◆ Activity
Could you set down exactly the lines in the records below between the line holding "#7=PRODUCT_DEFINITION_CONTEXT('part definition',#1,'design');" and the line holding "#11=(NAMED_UNIT(*) PLANE_ANGLE_UNIT() SI_UNIT($,.RADIAN.));", inclusive?

Collected data:

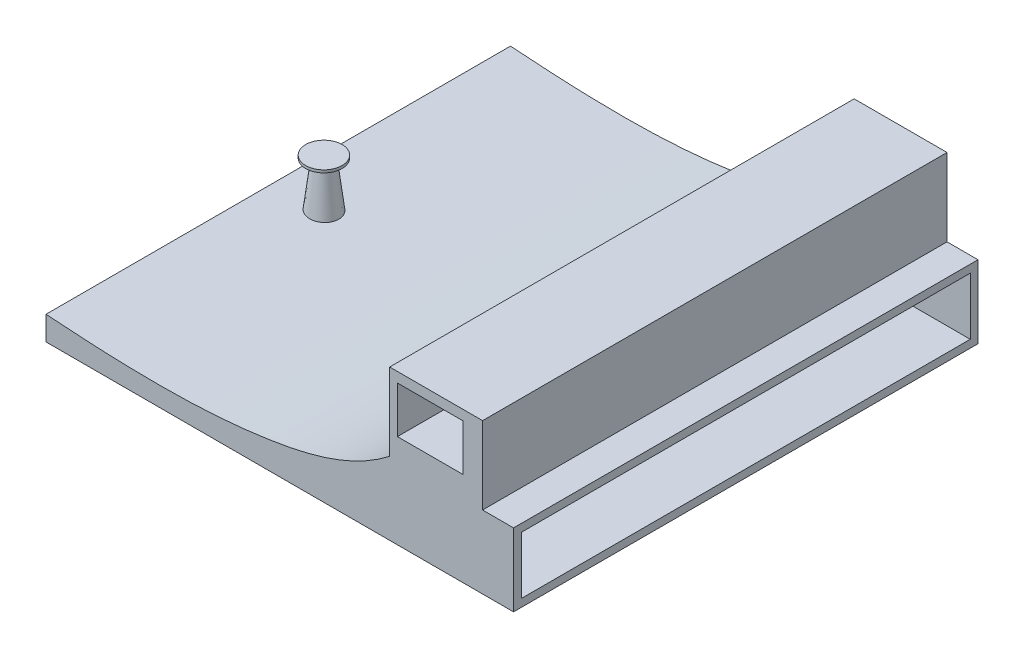
ISO-10303-21;
HEADER;
FILE_DESCRIPTION(('STEP AP214'),'2;1');
FILE_NAME('part.step','',(''),(''),'','','');
FILE_SCHEMA(('AUTOMOTIVE_DESIGN { 1 0 10303 214 1 1 1 1 }'));
ENDSEC;
DATA;
#1=APPLICATION_CONTEXT('core data for automotive mechanical design processes');
#2=APPLICATION_PROTOCOL_DEFINITION('international standard','automotive_design',2000,#1);
#3=PRODUCT_CONTEXT('',#1,'mechanical');
#4=PRODUCT('Part','Part','',(#3));
#5=PRODUCT_RELATED_PRODUCT_CATEGORY('part','',(#4));
#6=PRODUCT_DEFINITION_FORMATION('','',#4);
#7=PRODUCT_DEFINITION_CONTEXT('part definition',#1,'design');
#8=PRODUCT_DEFINITION('design','',#6,#7);
#9=PRODUCT_DEFINITION_SHAPE('','',#8);
#10=(LENGTH_UNIT() NAMED_UNIT(*) SI_UNIT(.MILLI.,.METRE.));
#11=(NAMED_UNIT(*) PLANE_ANGLE_UNIT() SI_UNIT($,.RADIAN.));
#12=(NAMED_UNIT(*) SI_UNIT($,.STERADIAN.) SOLID_ANGLE_UNIT());
#13=UNCERTAINTY_MEASURE_WITH_UNIT(LENGTH_MEASURE(1.E-05),#10,'distance_accuracy_value','');
#14=(GEOMETRIC_REPRESENTATION_CONTEXT(3) GLOBAL_UNCERTAINTY_ASSIGNED_CONTEXT((#13)) GLOBAL_UNIT_ASSIGNED_CONTEXT((#10,
#11,#12)) REPRESENTATION_CONTEXT('',''));
#15=CARTESIAN_POINT('',(0.,0.,0.));
#16=DIRECTION('',(0.,0.,1.));
#17=DIRECTION('',(1.,0.,0.));
#18=AXIS2_PLACEMENT_3D('',#15,#16,#17);
#19=CARTESIAN_POINT('',(19.7,0.,30.));
#20=CARTESIAN_POINT('',(15.0434377235675,-3.57470660710281,30.));
#21=CARTESIAN_POINT('',(0.818334701883255,-7.47775232832644,30.));
#22=CARTESIAN_POINT('',(-14.2263779060661,-7.04645507884953,30.));
#23=CARTESIAN_POINT('',(-24.7,-6.3,30.));
#24=B_SPLINE_CURVE_WITH_KNOTS('',3,(#19,#20,#21,#22,#23),.UNSPECIFIED.,.F.,.F.,(4,1,4),(0.,
0.353407129218657,1.),.UNSPECIFIED.);
#25=DIRECTION('',(0.,0.,-1.));
#26=VECTOR('',#25,1.);
#27=SURFACE_OF_LINEAR_EXTRUSION('',#24,#26);
#28=CARTESIAN_POINT('',(-18.8,-6.66602804813645,-1.91429584051757));
#29=CARTESIAN_POINT('',(-18.6924915121834,-6.6715048789084,-1.91496356974284));
#30=CARTESIAN_POINT('',(-18.5848446846226,-6.67691164162243,-1.90654536019111));
#31=CARTESIAN_POINT('',(-18.372393046309,-6.68742991783636,-1.87172685854549));
#32=CARTESIAN_POINT('',(-18.2675917961326,-6.69254106973414,-1.84530502820389));
#33=CARTESIAN_POINT('',(-18.0639407157916,-6.70233181966638,-1.77522301691739));
#34=CARTESIAN_POINT('',(-17.9650882444739,-6.70701160971599,-1.73157055212382));
#35=CARTESIAN_POINT('',(-17.776134584814,-6.71583467419774,-1.62827251440383));
#36=CARTESIAN_POINT('',(-17.6860312178573,-6.71997808228043,-1.56863093691014));
#37=CARTESIAN_POINT('',(-17.5171505432939,-6.72764663111186,-1.43507239452954));
#38=CARTESIAN_POINT('',(-17.4383678711419,-6.73117206487583,-1.36116223027944));
#39=CARTESIAN_POINT('',(-17.2943192877726,-6.73754805547265,-1.20114185440095));
#40=CARTESIAN_POINT('',(-17.2290538656745,-6.74039858788485,-1.11503120148993));
#41=CARTESIAN_POINT('',(-17.1139357380366,-6.74538310983117,-0.933110431292793));
#42=CARTESIAN_POINT('',(-17.0640742204118,-6.74751750910271,-0.837305901367277));
#43=CARTESIAN_POINT('',(-16.9811323412933,-6.75104701758724,-0.638676618998362));
#44=CARTESIAN_POINT('',(-16.9480519210757,-6.75244212938729,-0.535851891122939));
#45=CARTESIAN_POINT('',(-16.8996195821849,-6.7544789639261,-0.326129175736997));
#46=CARTESIAN_POINT('',(-16.8842631594422,-6.75512087807013,-0.219232230205312));
#47=CARTESIAN_POINT('',(-16.8717003383892,-6.75564628750913,-0.00437544663515091));
#48=CARTESIAN_POINT('',(-16.8744938979608,-6.75552978456405,0.103584388936244));
#49=CARTESIAN_POINT('',(-16.8981507661813,-6.75453939088244,0.317495370019751));
#50=CARTESIAN_POINT('',(-16.9190129454275,-6.75366554748448,0.423446640656864));
#51=CARTESIAN_POINT('',(-16.9782122743618,-6.75116847771316,0.630339991939915));
#52=CARTESIAN_POINT('',(-17.0165494357201,-6.74954525083935,0.731282069240516));
#53=CARTESIAN_POINT('',(-17.109609371067,-6.74556625234415,0.925294074556622));
#54=CARTESIAN_POINT('',(-17.1643324854653,-6.74321046550416,1.01836383897734));
#55=CARTESIAN_POINT('',(-17.2886074838189,-6.7377954963967,1.19398834058597));
#56=CARTESIAN_POINT('',(-17.3581593635877,-6.73473631432781,1.27654308074256));
#57=CARTESIAN_POINT('',(-17.5101258885471,-6.7279593898882,1.42880927169792));
#58=CARTESIAN_POINT('',(-17.5925425342527,-6.72424154508102,1.49851872132792));
#59=CARTESIAN_POINT('',(-17.7678875604058,-6.7162130743914,1.62310466920494));
#60=CARTESIAN_POINT('',(-17.8608159610838,-6.7119024473681,1.67798113890414));
#61=CARTESIAN_POINT('',(-18.0545864571374,-6.70277485480792,1.77137058135963));
#62=CARTESIAN_POINT('',(-18.155431923058,-6.69795767331527,1.80987653942534));
#63=CARTESIAN_POINT('',(-18.3621385814709,-6.6879312314173,1.86940560210985));
#64=CARTESIAN_POINT('',(-18.4679997932016,-6.68272196950808,1.89042863966561));
#65=CARTESIAN_POINT('',(-18.6818096736075,-6.67204385874169,1.91441062747813));
#66=CARTESIAN_POINT('',(-18.7897597217482,-6.66657483461183,1.91735720114108));
#67=CARTESIAN_POINT('',(-19.0046157670867,-6.65553736071709,1.90507459349327));
#68=CARTESIAN_POINT('',(-19.1115217597798,-6.64996891052352,1.88984533379527));
#69=CARTESIAN_POINT('',(-19.3213245462006,-6.63890136780307,1.84162981705352));
#70=CARTESIAN_POINT('',(-19.4242188492536,-6.63340231975358,1.8086327112686));
#71=CARTESIAN_POINT('',(-19.6230098276266,-6.62265800503813,1.72580932190966));
#72=CARTESIAN_POINT('',(-19.7189064931473,-6.61741273872756,1.67598301476922));
#73=CARTESIAN_POINT('',(-19.9009840969252,-6.60735701286247,1.56090760762976));
#74=CARTESIAN_POINT('',(-19.9871644898293,-6.60254657771707,1.49565764257035));
#75=CARTESIAN_POINT('',(-20.1473510515376,-6.59353381805627,1.3515834455082));
#76=CARTESIAN_POINT('',(-20.2213572542972,-6.58933149184479,1.27275925136689));
#77=CARTESIAN_POINT('',(-20.3550366386405,-6.58169351086133,1.10383195375584));
#78=CARTESIAN_POINT('',(-20.414720039762,-6.57825730957244,1.0137369624188));
#79=CARTESIAN_POINT('',(-20.5181170748599,-6.57227803028077,0.824780072561964));
#80=CARTESIAN_POINT('',(-20.5618308310192,-6.56973494544481,0.725918241124012));
#81=CARTESIAN_POINT('',(-20.6319962876488,-6.56564230890773,0.52235649498092));
#82=CARTESIAN_POINT('',(-20.6584678964585,-6.5640916114005,0.417663465391006));
#83=CARTESIAN_POINT('',(-20.6934716052306,-6.56203939924897,0.205310120124707));
#84=CARTESIAN_POINT('',(-20.7020037789704,-6.56153788028985,0.0976498166533377));
#85=CARTESIAN_POINT('',(-20.700884709075,-6.56160359685121,-0.117480464869074));
#86=CARTESIAN_POINT('',(-20.6912495068798,-6.5621698895148,-0.224950527035803));
#87=CARTESIAN_POINT('',(-20.6541031269037,-6.56434726050265,-0.436744574873437));
#88=CARTESIAN_POINT('',(-20.6265919358446,-6.56595833960297,-0.541068558207398));
#89=CARTESIAN_POINT('',(-20.5544800594214,-6.57016274939898,-0.743610959644414));
#90=CARTESIAN_POINT('',(-20.5098794039254,-6.57275607837794,-0.841829388418073));
#91=CARTESIAN_POINT('',(-20.4048624552829,-6.57882537176464,-1.02937673445745));
#92=CARTESIAN_POINT('',(-20.3444467186405,-6.58230130511501,-1.11870596436529));
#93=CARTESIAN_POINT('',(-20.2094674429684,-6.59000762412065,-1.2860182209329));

◆ Response area
#7=PRODUCT_DEFINITION_CONTEXT('part definition',#1,'design');
#8=PRODUCT_DEFINITION('design','',#6,#7);
#9=PRODUCT_DEFINITION_SHAPE('','',#8);
#10=(LENGTH_UNIT() NAMED_UNIT(*) SI_UNIT(.MILLI.,.METRE.));
#11=(NAMED_UNIT(*) PLANE_ANGLE_UNIT() SI_UNIT($,.RADIAN.));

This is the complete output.